Senadores de Caracas – No. 29
- Pitcher
- Born: April 4, 1995 (age 30) Cumana, Venezuela
- Batted: RightThrew: Right

MLB debut
- May 7, 2019, for the Detroit Tigers

Last MLB appearance
- August 7, 2019, for the Detroit Tigers

MLB statistics
- Win–loss record: 0–0
- Earned run average: 5.91
- Strikeouts: 8
- Stats at Baseball Reference

Teams
- Detroit Tigers (2019);

= Eduardo Jiménez (baseball) =

Venezuelan baseball player (born 1995)

Eduardo Rafael Jiménez (born April 4, 1995) is a Venezuelan professional baseball pitcher for the Senadores de Caracas of the Venezuelan Major League. He has played in Major League Baseball (MLB) for the Detroit Tigers.

==Career==
===Detroit Tigers===
Jiménez signed with the Detroit Tigers as an intentional free agent on July 11, 2011. He made his professional debut in 2012 with the Venezuelan Summer League Tigers, going 0–5 with a 3.61 ERA in 42 1/3 innings. He returned to the VSL Tigers in 2013, going 4–2 with a 3.21 ERA in 61 2/3 innings. He underwent Tommy John surgery and missed the 2014 season. In 2015 after finishing his rehab, he appeared in 4 games for the Gulf Coast League Tigers, pitching 5 scoreless innings. He played for the Connecticut Tigers in 2016, going 0–0 with a 2.70 ERA in 13 innings. He split the 2017 season between the West Michigan Whitecaps and the Lakeland Flying Tigers, combining to go 1–2 with a 2.13 ERA in 50 2/3 innings. While with West Michigan that season, he was suspended 30 game for his actions during an on-field brawl where he threw a baseball at opposing players, striking one player in the leg. He returned to Lakeland and spent the 2018 season there, going 3–4 with a 3.42 ERA in 50 innings. He played for the Mesa Solar Sox of the Arizona Fall League during the 2018 offseason.

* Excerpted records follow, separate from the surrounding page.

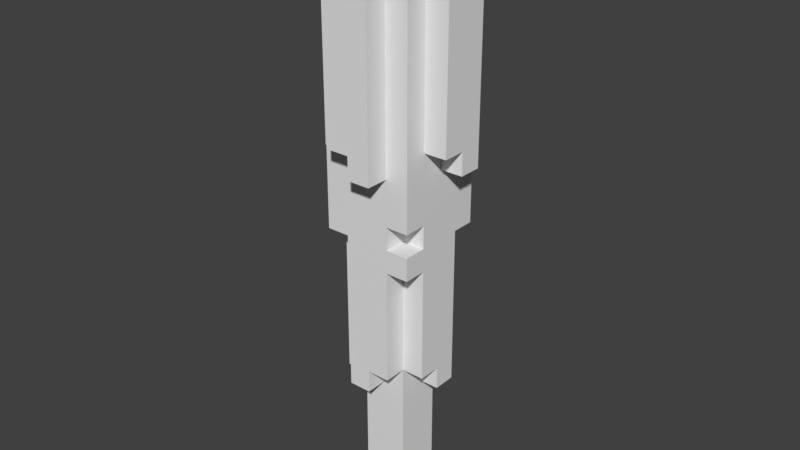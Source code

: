 # Source: Ogre_Club.blend  (saved by Blender 2.79.0; exported with 4.5.12 LTS)
import bpy
from mathutils import Matrix  # noqa: F401  (used for matrix-valued properties, if any)

bpy.ops.wm.read_factory_settings(use_empty=True)
scene = bpy.context.scene
scene.name = 'Scene'

# ---- collections
col_collection_1 = bpy.data.collections.new('Collection 1'); scene.collection.children.link(col_collection_1)
col_collection_2 = bpy.data.collections.new('Collection 2'); scene.collection.children.link(col_collection_2)
col_collection_3 = bpy.data.collections.new('Collection 3'); scene.collection.children.link(col_collection_3)
col_collection_4 = bpy.data.collections.new('Collection 4'); scene.collection.children.link(col_collection_4)
col_collection_5 = bpy.data.collections.new('Collection 5'); scene.collection.children.link(col_collection_5)
col_collection_6 = bpy.data.collections.new('Collection 6'); scene.collection.children.link(col_collection_6)
col_collection_7 = bpy.data.collections.new('Collection 7'); scene.collection.children.link(col_collection_7)
col_collection_8 = bpy.data.collections.new('Collection 8'); scene.collection.children.link(col_collection_8)
col_collection_9 = bpy.data.collections.new('Collection 9'); scene.collection.children.link(col_collection_9)
col_collection_10 = bpy.data.collections.new('Collection 10'); scene.collection.children.link(col_collection_10)
col_collection_11 = bpy.data.collections.new('Collection 11'); scene.collection.children.link(col_collection_11)
col_collection_12 = bpy.data.collections.new('Collection 12'); scene.collection.children.link(col_collection_12)
col_collection_13 = bpy.data.collections.new('Collection 13'); scene.collection.children.link(col_collection_13)
col_collection_14 = bpy.data.collections.new('Collection 14'); scene.collection.children.link(col_collection_14)
col_collection_15 = bpy.data.collections.new('Collection 15'); scene.collection.children.link(col_collection_15)
col_collection_16 = bpy.data.collections.new('Collection 16'); scene.collection.children.link(col_collection_16)
col_collection_17 = bpy.data.collections.new('Collection 17'); scene.collection.children.link(col_collection_17)
col_collection_18 = bpy.data.collections.new('Collection 18'); scene.collection.children.link(col_collection_18)
col_collection_19 = bpy.data.collections.new('Collection 19'); scene.collection.children.link(col_collection_19)
col_collection_20 = bpy.data.collections.new('Collection 20'); scene.collection.children.link(col_collection_20)

# ---- world
world_world = bpy.data.worlds.new('World'); scene.world = world_world
world_world.color = (0.05088, 0.05088, 0.05088)
world_world.use_sun_shadow = False
world_world.sun_shadow_jitter_overblur = 0.0
world_world.cycles.sampling_method = 'MANUAL'

# ---- meshes
me_ogre_club = bpy.data.meshes.new('Ogre Club')
me_ogre_club.from_pydata([(-0.0361, -0.0353, -0.5219), (-0.0361, -0.0353, -0.4862), (-0.0361, 0.0003989, -0.4862), (-0.0361, 0.0003989, -0.5219), (-0.0361, 0.0361, -0.4862), (-0.0361, 0.0361, -0.5219), (-0.0361, -0.0353, -0.4505), (-0.0361, 0.0003989, -0.4505), (-0.0361, 0.0361, -0.4505), (-0.0361, -0.0353, -0.4148), (-0.0361, 0.0003989, -0.4148), (-0.0361, 0.0361, -0.4148), (-0.0361, -0.0353, -0.3791), (-0.0361, 0.0003989, -0.3791), (-0.0361, 0.0361, -0.3791), (-0.0361, -0.0353, -0.3434), (-0.0361, 0.0003989, -0.3434), (-0.0361, 0.0361, -0.3434), (-0.0361, -0.0353, -0.3077), (-0.0361, 0.0003989, -0.3077), (-0.0361, 0.0361, -0.3077), (-0.0361, -0.071, -0.3077), (-0.0361, -0.071, -0.272), (-0.0361, -0.0353, -0.272), (-0.0718, -0.0353, -0.3077), (-0.0718, -0.0353, -0.272), (-0.0718, 0.0003989, -0.272), (-0.0718, 0.0003989, -0.3077), (-0.0361, 0.0003989, -0.272), (-0.0361, 0.0361, -0.272), (-0.0361, 0.0718, -0.272), (-0.0361, 0.0718, -0.3077), (-0.0361, -0.071, -0.2363), (-0.0361, -0.0353, -0.2363), (-0.0718, -0.0353, -0.2363), (-0.0718, 0.0003989, -0.2363), (-0.0718, 0.0361, -0.2363), (-0.0718, 0.0361, -0.272), (-0.0361, 0.0361, -0.2363), (-0.0361, 0.0718, -0.2363), (-0.0361, -0.071, -0.2006), (-0.0361, -0.0353, -0.2006), (-0.0718, -0.0353, -0.2006), (-0.0718, 0.0003989, -0.2006), (-0.0718, 0.0361, -0.2006), (-0.0361, 0.0361, -0.2006), (-0.0361, 0.0718, -0.2006), (-0.0361, -0.071, -0.1649), (-0.0361, -0.0353, -0.1649), (-0.0718, -0.0353, -0.1649), (-0.0718, 0.0003989, -0.1649), (-0.0718, 0.0361, -0.1649), (-0.0361, 0.0361, -0.1649), (-0.0361, 0.0718, -0.1649), (-0.0361, -0.071, -0.1292), (-0.0361, -0.0353, -0.1292), (-0.0718, -0.0353, -0.1292), (-0.0718, 0.0003989, -0.1292), (-0.0718, 0.0361, -0.1292), (-0.0361, 0.0361, -0.1292), (-0.0361, 0.0718, -0.1292), (-0.0361, -0.071, -0.09354), (-0.0361, -0.0353, -0.09354), (-0.0718, -0.0353, -0.09354), (-0.0718, 0.0003989, -0.09354), (-0.0718, 0.0361, -0.09354), (-0.0718, 0.0718, -0.09354), (-0.0718, 0.0718, -0.1292), (-0.0361, -0.071, -0.05784), (-0.0361, -0.0353, -0.05784), (-0.0718, -0.0353, -0.05784), (-0.0718, 0.0003989, -0.05784), (-0.0718, 0.0361, -0.05784), (-0.0361, 0.0361, -0.09354), (-0.0361, 0.0361, -0.05784), (-0.0361, 0.0718, -0.05784), (-0.0361, 0.0718, -0.09354), (-0.0718, -0.071, -0.05784), (-0.0718, -0.071, -0.02214), (-0.0718, -0.0353, -0.02214), (-0.0718, 0.0003989, -0.02214), (-0.0718, 0.0361, -0.02214), (-0.0718, 0.0718, -0.02214), (-0.0718, 0.0718, -0.05784), (-0.0718, -0.071, 0.01356), (-0.0718, -0.0353, 0.01356), (-0.0718, 0.0003989, 0.01356), (-0.0718, 0.0361, 0.01356), (-0.0718, 0.0718, 0.01356), (-0.0718, -0.071, 0.04926), (-0.0718, -0.0353, 0.04926), (-0.0718, 0.0003989, 0.04926), (-0.0718, 0.0361, 0.04926), (-0.0718, 0.0718, 0.04926), (-0.0003989, -0.1067, 0.04926), (-0.0003989, -0.1067, 0.08496), (-0.0003989, -0.071, 0.08496), (-0.0003989, -0.071, 0.04926), (-0.0718, -0.071, 0.08496), (-0.0718, -0.0353, 0.08496), (-0.1075, -0.0353, 0.04926), (-0.1075, -0.0353, 0.08496), (-0.1075, 0.0003989, 0.08496), (-0.1075, 0.0003989, 0.04926), (-0.0718, 0.0003989, 0.08496), (-0.0718, 0.0361, 0.08496), (-0.0718, 0.0718, 0.08496), (-0.0361, 0.0718, 0.04926), (-0.0361, 0.0718, 0.08496), (-0.0361, 0.1075, 0.08496), (-0.0361, 0.1075, 0.04926), (-0.0361, -0.1067, 0.08496), (-0.0361, -0.1067, 0.1207), (-0.0361, -0.071, 0.1207), (-0.0361, -0.071, 0.08496), (-0.0718, -0.071, 0.1207), (-0.0718, -0.0353, 0.1207), (-0.1075, -0.0353, 0.1207), (-0.1075, 0.0003989, 0.1207), (-0.1075, 0.0361, 0.1207), (-0.1075, 0.0361, 0.08496), (-0.0718, 0.0361, 0.1207), (-0.0718, 0.0718, 0.1207), (-0.0361, 0.0718, 0.1207), (-0.0361, 0.1075, 0.1207), (-0.0361, -0.1067, 0.1564), (-0.0361, -0.071, 0.1564), (-0.0718, -0.071, 0.1564), (-0.0718, -0.0353, 0.1564), (-0.1075, -0.0353, 0.1564), (-0.1075, 0.0003989, 0.1564), (-0.1075, 0.0361, 0.1564), (-0.0718, 0.0361, 0.1564), (-0.0718, 0.0718, 0.1564), (-0.0361, 0.0718, 0.1564), (-0.0361, 0.1075, 0.1564), (-0.0361, -0.1067, 0.1921), (-0.0361, -0.071, 0.1921), (-0.0718, -0.071, 0.1921), (-0.0718, -0.0353, 0.1921), (-0.1075, -0.0353, 0.1921), (-0.1075, 0.0003989, 0.1921), (-0.1075, 0.0361, 0.1921), (-0.0718, 0.0361, 0.1921), (-0.0718, 0.0718, 0.1921), (-0.0361, 0.0718, 0.1921), (-0.0361, 0.1075, 0.1921), (-0.0361, -0.1067, 0.2278), (-0.0361, -0.071, 0.2278), (-0.0718, -0.071, 0.2278), (-0.0718, -0.0353, 0.2278), (-0.1075, -0.0353, 0.2278), (-0.1075, 0.0003989, 0.2278), (-0.1075, 0.0361, 0.2278), (-0.0718, 0.0361, 0.2278), (-0.0718, 0.0718, 0.2278), (-0.0361, 0.0718, 0.2278), (-0.0361, 0.1075, 0.2278), (-0.0361, -0.1067, 0.2635), (-0.0361, -0.071, 0.2635), (-0.0718, -0.071, 0.2635), (-0.0718, -0.0353, 0.2635), (-0.1075, -0.0353, 0.2635), (-0.1075, 0.0003989, 0.2635), (-0.1075, 0.0361, 0.2635), (-0.0718, 0.0361, 0.2635), (-0.0718, 0.0718, 0.2635), (-0.0361, 0.0718, 0.2635), (-0.0361, 0.1075, 0.2635), (-0.0361, -0.1067, 0.2992), (-0.0361, -0.071, 0.2992), (-0.0718, -0.071, 0.2992), (-0.0718, -0.0353, 0.2992), (-0.1075, -0.0353, 0.2992), (-0.1075, 0.0003989, 0.2992), (-0.1075, 0.0361, 0.2992), (-0.0718, 0.0361, 0.2992), (-0.0718, 0.0718, 0.2992), (-0.0361, 0.0718, 0.2992), (-0.0361, 0.1075, 0.2992), (-0.0003989, -0.1067, 0.2992), (-0.0003989, -0.1067, 0.3349), (-0.0003989, -0.071, 0.3349), (-0.0003989, -0.071, 0.2992), (-0.0718, -0.071, 0.3349), (-0.0718, -0.0353, 0.3349), (-0.0718, 0.0003989, 0.3349), (-0.0718, 0.0003989, 0.2992), (-0.1075, 0.0003989, 0.3349), (-0.1075, 0.0361, 0.3349), (-0.0718, 0.0361, 0.3349), (-0.0718, 0.0718, 0.3349), (-0.0361, 0.0718, 0.3349), (-0.0361, 0.1075, 0.3349), (-0.0718, -0.071, 0.3706), (-0.0718, -0.0353, 0.3706), (-0.0718, 0.0003989, 0.3706), (-0.0718, 0.0361, 0.3706), (-0.0718, 0.0718, 0.3706), (-0.0361, -0.071, 0.3706), (-0.0361, -0.071, 0.4063), (-0.0361, -0.0353, 0.4063), (-0.0361, -0.0353, 0.3706), (-0.0361, 0.0003989, 0.4063), (-0.0361, 0.0003989, 0.3706), (-0.0718, 0.0003989, 0.4063), (-0.0718, 0.0361, 0.4063), (-0.0003989, 0.0361, 0.3706), (-0.0003989, 0.0361, 0.4063), (-0.0003989, 0.0718, 0.4063), (-0.0003989, 0.0718, 0.3706), (0.0353, -0.0353, -0.5219), (0.0353, 0.0003989, -0.5219), (0.0353, 0.0003989, -0.4862), (0.0353, -0.0353, -0.4862), (0.0353, 0.0361, -0.5219), (0.0353, 0.0361, -0.4862), (0.0353, 0.0003989, -0.4505), (0.0353, -0.0353, -0.4505), (0.0353, 0.0361, -0.4505), (0.0353, 0.0003989, -0.4148), (0.0353, -0.0353, -0.4148), (0.0353, 0.0361, -0.4148), (0.0353, 0.0003989, -0.3791), (0.0353, -0.0353, -0.3791), (0.0353, 0.0361, -0.3791), (0.0353, 0.0003989, -0.3434), (0.0353, -0.0353, -0.3434), (0.0353, 0.0361, -0.3434), (0.0353, 0.0003989, -0.3077), (0.0353, -0.0353, -0.3077), (0.0353, 0.0361, -0.3077), (-0.0003989, -0.071, -0.3077), (-0.0003989, -0.0353, -0.3077), (-0.0003989, -0.0353, -0.272), (-0.0003989, -0.071, -0.272), (0.0353, 0.0003989, -0.272), (0.0353, -0.0353, -0.272), (0.071, 0.0003989, -0.3077), (0.071, 0.0361, -0.3077), (0.071, 0.0361, -0.272), (0.071, 0.0003989, -0.272), (-0.0003989, 0.0361, -0.3077), (-0.0003989, 0.0718, -0.3077), (-0.0003989, 0.0718, -0.272), (-0.0003989, 0.0361, -0.272), (0.0353, -0.071, -0.272), (0.0353, -0.0353, -0.2363), (0.0353, -0.071, -0.2363), (0.071, -0.0353, -0.272), (0.071, 0.0003989, -0.2363), (0.071, -0.0353, -0.2363), (0.071, 0.0361, -0.2363), (0.0353, 0.0361, -0.272), (0.0353, 0.0718, -0.272), (0.0353, 0.0718, -0.2363), (0.0353, 0.0361, -0.2363), (0.0353, -0.0353, -0.2006), (0.0353, -0.071, -0.2006), (0.071, 0.0003989, -0.2006), (0.071, -0.0353, -0.2006), (0.071, 0.0361, -0.2006), (0.0353, 0.0718, -0.2006), (0.0353, 0.0361, -0.2006), (0.0353, -0.0353, -0.1649), (0.0353, -0.071, -0.1649), (0.071, 0.0003989, -0.1649), (0.071, -0.0353, -0.1649), (0.071, 0.0361, -0.1649), (0.0353, 0.0718, -0.1649), (0.0353, 0.0361, -0.1649), (0.0353, -0.0353, -0.1292), (0.0353, -0.071, -0.1292), (0.071, 0.0003989, -0.1292), (0.071, -0.0353, -0.1292), (0.071, 0.0361, -0.1292), (0.0353, 0.0718, -0.1292), (0.0353, 0.0361, -0.1292), (0.0353, -0.0353, -0.09354), (0.0353, -0.071, -0.09354), (0.071, 0.0003989, -0.09354), (0.071, -0.0353, -0.09354), (0.071, 0.0361, -0.09354), (0.0353, 0.0718, -0.09354), (0.0353, 0.0361, -0.09354), (0.071, -0.071, -0.09354), (0.071, -0.0353, -0.05784), (0.071, -0.071, -0.05784), (0.071, 0.0003989, -0.05784), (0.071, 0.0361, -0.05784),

On November 20, 2017, the Tigers added Jiménez to their 40-man roster to protect him from the Rule 5 draft. He began the 2019 season playing for the Erie SeaWolves and the Toledo Mud Hens. On May 5, the Detroit Tigers called up Jiménez to replace Drew VerHagen, who was designated for assignment. He made his major league debut on May 7, pitching a scoreless inning in relief. He was sent back down to Toledo three days later. Jiménez was outrighted off the Tigers roster on October 23. He elected free agency following the season on November 4.

===Arizona Diamondbacks===
On December 12, 2019, Jiménez signed a minor league contract with the Arizona Diamondbacks organization. He did not play in a game in 2020 due to the cancellation of the minor league season because of the COVID-19 pandemic. Jiménez became a free agent on November 2, 2020.